Given all that, the simple assumption is that Scott is a right-wing nut, a borderline racist and a loudmouth redneck ballplayer who should keep his mouth shut. But it’s not that simple. Luke Scott will require a deeper line of thinking.

I think “deeper line of thinking” is the key phrasing here, because I don’t think Luke Scott is misunderstood. Just not fully understood.

Indeed, what we learned about Scott in the aftermath of the birther fiasco and in the early part of Nelson’s article is accurate, as far as it goes. While “nut” is a loaded term (each side of the spectrum has ’em), Scott is clearly right wing, and he admits that. He’s clearly a loudmouth, as his teammates freely — and amusingly — admit.  Borderline racist? Depends on how you define it, but the fact that Scott needed a handler during the interview to remind him to be careful with how he spoke about race  — and his use of the term “savage” when talking to a black Dominican teammate about his behavior — at least gives one pause.

None of which means that he should keep his mouth shut or that he’s a bad person. Being right wing was, last I checked, still allowed in this country. So too is being ignorant, as Scott’s apparent belief that Obama wasn’t born in the U.S. makes clear (he doesn’t back off those statements here).

Am I 100% comfortable with Scott’s views on race? Not really, but I don’t know that he or anyone else should care. He’s not my son’s civics teacher. His teammates and the people close to him don’t have a problem with him. Personally speaking, I  grew up with a lot of people like Scott. Even at its most uncomfortable, the stuff they say and believe doesn’t necessarily come from hate, even if it does reflect real beliefs and even if it is ignorant.

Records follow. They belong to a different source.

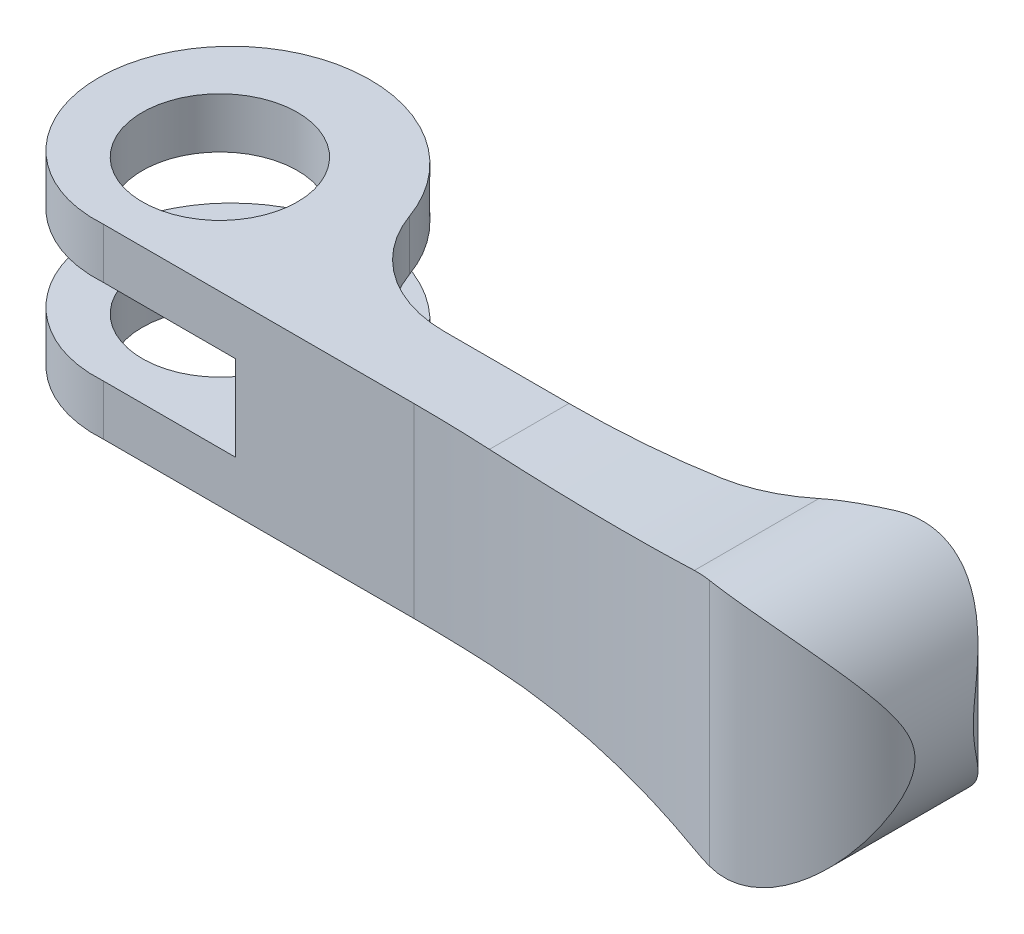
ISO-10303-21;
HEADER;
FILE_DESCRIPTION(('STEP AP214'),'2;1');
FILE_NAME('part.step','',(''),(''),'','','');
FILE_SCHEMA(('AUTOMOTIVE_DESIGN { 1 0 10303 214 1 1 1 1 }'));
ENDSEC;
DATA;
#1=APPLICATION_CONTEXT('core data for automotive mechanical design processes');
#2=APPLICATION_PROTOCOL_DEFINITION('international standard','automotive_design',2000,#1);
#3=PRODUCT_CONTEXT('',#1,'mechanical');
#4=PRODUCT('Part','Part','',(#3));
#5=PRODUCT_RELATED_PRODUCT_CATEGORY('part','',(#4));
#6=PRODUCT_DEFINITION_FORMATION('','',#4);
#7=PRODUCT_DEFINITION_CONTEXT('part definition',#1,'design');
#8=PRODUCT_DEFINITION('design','',#6,#7);
#9=PRODUCT_DEFINITION_SHAPE('','',#8);
#10=(LENGTH_UNIT() NAMED_UNIT(*) SI_UNIT(.MILLI.,.METRE.));
#11=(NAMED_UNIT(*) PLANE_ANGLE_UNIT() SI_UNIT($,.RADIAN.));
#12=(NAMED_UNIT(*) SI_UNIT($,.STERADIAN.) SOLID_ANGLE_UNIT());
#13=UNCERTAINTY_MEASURE_WITH_UNIT(LENGTH_MEASURE(1.E-05),#10,'distance_accuracy_value','');
#14=(GEOMETRIC_REPRESENTATION_CONTEXT(3) GLOBAL_UNCERTAINTY_ASSIGNED_CONTEXT((#13)) GLOBAL_UNIT_ASSIGNED_CONTEXT((#10,
#11,#12)) REPRESENTATION_CONTEXT('',''));
#15=CARTESIAN_POINT('',(0.,0.,0.));
#16=DIRECTION('',(0.,0.,1.));
#17=DIRECTION('',(1.,0.,0.));
#18=AXIS2_PLACEMENT_3D('',#15,#16,#17);
#19=CARTESIAN_POINT('',(20.,-8.,107.05));
#20=DIRECTION('',(0.,1.,0.));
#21=DIRECTION('',(1.,0.,0.));
#22=AXIS2_PLACEMENT_3D('',#19,#20,#21);
#23=CYLINDRICAL_SURFACE('',#22,99.55);
#24=CARTESIAN_POINT('',(40.1433447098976,7.7815699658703,9.55924062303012));
#25=CARTESIAN_POINT('',(40.2458941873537,7.80603937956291,9.58042855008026));
#26=CARTESIAN_POINT('',(40.3488715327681,7.82846573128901,9.60187471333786));
#27=CARTESIAN_POINT('',(40.5553761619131,7.86918752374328,9.64522558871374));
#28=CARTESIAN_POINT('',(40.6589023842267,7.88748913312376,9.66712956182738));
#29=CARTESIAN_POINT('',(40.9704289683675,7.93625939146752,9.73356333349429));
#30=CARTESIAN_POINT('',(41.1792613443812,7.96056586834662,9.7787910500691));
#31=CARTESIAN_POINT('',(41.3886034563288,7.97660292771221,9.82484820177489));
#32=B_SPLINE_CURVE_WITH_KNOTS('',3,(#24,#25,#26,#27,#28,#29,#30,#31),.UNSPECIFIED.,.F.,.F.,(4,2,
2,4),(0.,0.322577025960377,0.64466838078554,1.28921460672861),.UNSPECIFIED.);
#33=CARTESIAN_POINT('',(40.1433447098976,7.7815699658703,9.55924062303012));
#34=VERTEX_POINT('',#33);
#35=CARTESIAN_POINT('',(41.3886034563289,7.97660292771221,9.82484820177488));
#36=VERTEX_POINT('',#35);
#37=EDGE_CURVE('E179',#34,#36,#32,.T.);
#38=ORIENTED_EDGE('',*,*,#37,.F.);
#39=CARTESIAN_POINT('',(25.,6.,7.62564433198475));
#40=CARTESIAN_POINT('',(25.6432150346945,5.99999671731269,7.65798661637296));
#41=CARTESIAN_POINT('',(26.2860644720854,6.00951199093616,7.69657845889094));
#42=CARTESIAN_POINT('',(27.5703265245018,6.04748034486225,7.78617549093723));
#43=CARTESIAN_POINT('',(28.2117391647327,6.07593309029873,7.83718046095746));
#44=CARTESIAN_POINT('',(30.1265504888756,6.18917961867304,8.00813073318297));
#45=CARTESIAN_POINT('',(31.396810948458,6.30186449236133,8.14632916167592));
#46=CARTESIAN_POINT('',(33.9225081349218,6.60041769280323,8.47014726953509));
#47=CARTESIAN_POINT('',(35.1779454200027,6.78628325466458,8.65576515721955));
#48=CARTESIAN_POINT('',(37.0486962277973,7.11891974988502,8.96867057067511));
#49=CARTESIAN_POINT('',(37.6717158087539,7.23913092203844,9.07903027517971));
#50=CARTESIAN_POINT('',(38.9119872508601,7.49719375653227,9.31087118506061));
#51=CARTESIAN_POINT('',(39.5292392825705,7.63504489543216,9.43235206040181));
#52=CARTESIAN_POINT('',(40.1433447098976,7.7815699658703,9.55924062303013));
#53=B_SPLINE_CURVE_WITH_KNOTS('',3,(#39,#40,#41,#42,#43,#44,#45,#46,#47,#48,#49,#50,#51,#52),
.UNSPECIFIED.,.F.,.F.,(4,2,2,2,2,2,4),(0.,1.93188145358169,3.86372874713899,7.70857673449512,
11.5532794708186,13.4850725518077,15.416808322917),.UNSPECIFIED.);
#54=CARTESIAN_POINT('',(25.,6.,7.62564433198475));
#55=VERTEX_POINT('',#54);
#56=EDGE_CURVE('E145',#55,#34,#53,.T.);
#57=ORIENTED_EDGE('',*,*,#56,.F.);
#58=CARTESIAN_POINT('',(20.,6.,107.05));
#59=DIRECTION('',(0.,1.,0.));
#60=DIRECTION('',(1.,0.,0.));
#61=AXIS2_PLACEMENT_3D('',#58,#59,#60);
#62=CIRCLE('',#61,99.55);
#63=CARTESIAN_POINT('',(20.,6.,7.5));
#64=VERTEX_POINT('',#63);
#65=EDGE_CURVE('E154',#64,#55,#62,.F.);
#66=ORIENTED_EDGE('',*,*,#65,.F.);
#67=DIRECTION('',(0.,1.,0.));
#68=VECTOR('',#67,1.);
#69=CARTESIAN_POINT('',(20.,-8.,7.5));
#70=LINE('',#69,#68);
#71=CARTESIAN_POINT('',(20.,-6.,7.5));
#72=VERTEX_POINT('',#71);
#73=EDGE_CURVE('E301',#72,#64,#70,.T.);
#74=ORIENTED_EDGE('',*,*,#73,.F.);
#75=CARTESIAN_POINT('',(20.,-6.,107.05));
#76=DIRECTION('',(0.,1.,0.));
#77=DIRECTION('',(1.,0.,0.));
#78=AXIS2_PLACEMENT_3D('',#75,#76,#77);
#79=CIRCLE('',#78,99.55);
#80=CARTESIAN_POINT('',(25.,-6.,7.62564433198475));
#81=VERTEX_POINT('',#80);
#82=EDGE_CURVE('E522',#72,#81,#79,.F.);
#83=ORIENTED_EDGE('',*,*,#82,.T.);
#84=CARTESIAN_POINT('',(25.,-6.,7.62564433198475));
#85=CARTESIAN_POINT('',(25.6432150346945,-5.99999671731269,7.65798661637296));
#86=CARTESIAN_POINT('',(26.2860644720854,-6.00951199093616,7.69657845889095));
#87=CARTESIAN_POINT('',(27.5703265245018,-6.04748034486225,7.78617549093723));
#88=CARTESIAN_POINT('',(28.2117391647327,-6.07593309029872,7.83718046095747));
#89=CARTESIAN_POINT('',(30.1265504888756,-6.18917961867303,8.00813073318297));
#90=CARTESIAN_POINT('',(31.396810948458,-6.30186449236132,8.14632916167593));
#91=CARTESIAN_POINT('',(33.9225081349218,-6.60041769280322,8.4701472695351));
#92=CARTESIAN_POINT('',(35.1779454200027,-6.78628325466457,8.65576515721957));
#93=CARTESIAN_POINT('',(37.0486962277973,-7.11891974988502,8.96867057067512));
#94=CARTESIAN_POINT('',(37.6717158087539,-7.23913092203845,9.07903027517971));
#95=CARTESIAN_POINT('',(38.9119872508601,-7.49719375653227,9.3108711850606));
#96=CARTESIAN_POINT('',(39.5292392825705,-7.63504489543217,9.43235206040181));
#97=CARTESIAN_POINT('',(40.1433447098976,-7.78156996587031,9.55924062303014));
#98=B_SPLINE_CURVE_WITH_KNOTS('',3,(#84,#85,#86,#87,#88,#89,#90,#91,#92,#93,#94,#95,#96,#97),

And perhaps the biggest reason Luke Scott doesn’t bother me is revealed in what Orioles’ GM Andy MacPhail says about him:

“I’ve met a lot of people in this game who will say the right thing every time,” he says, “but maybe not act in a manner that is the most laudatory. Luke’s the opposite.”

Luke Scott says and believes crazy stuff. He keeps 114 guns in a small, temporary apartment. I’m guessing only a small segment of the HBT readership would be able to find much political, social or personal common ground with Scott.  The fact that he happens to be a good guy doesn’t change that he’s kind of wacky and the fact that he’s kind of wacky doesn’t change that he’s a good guy. Everyone is more than their political and social beliefs, and no one outside of the most cartoonish fictional villains are good or evil, black or white.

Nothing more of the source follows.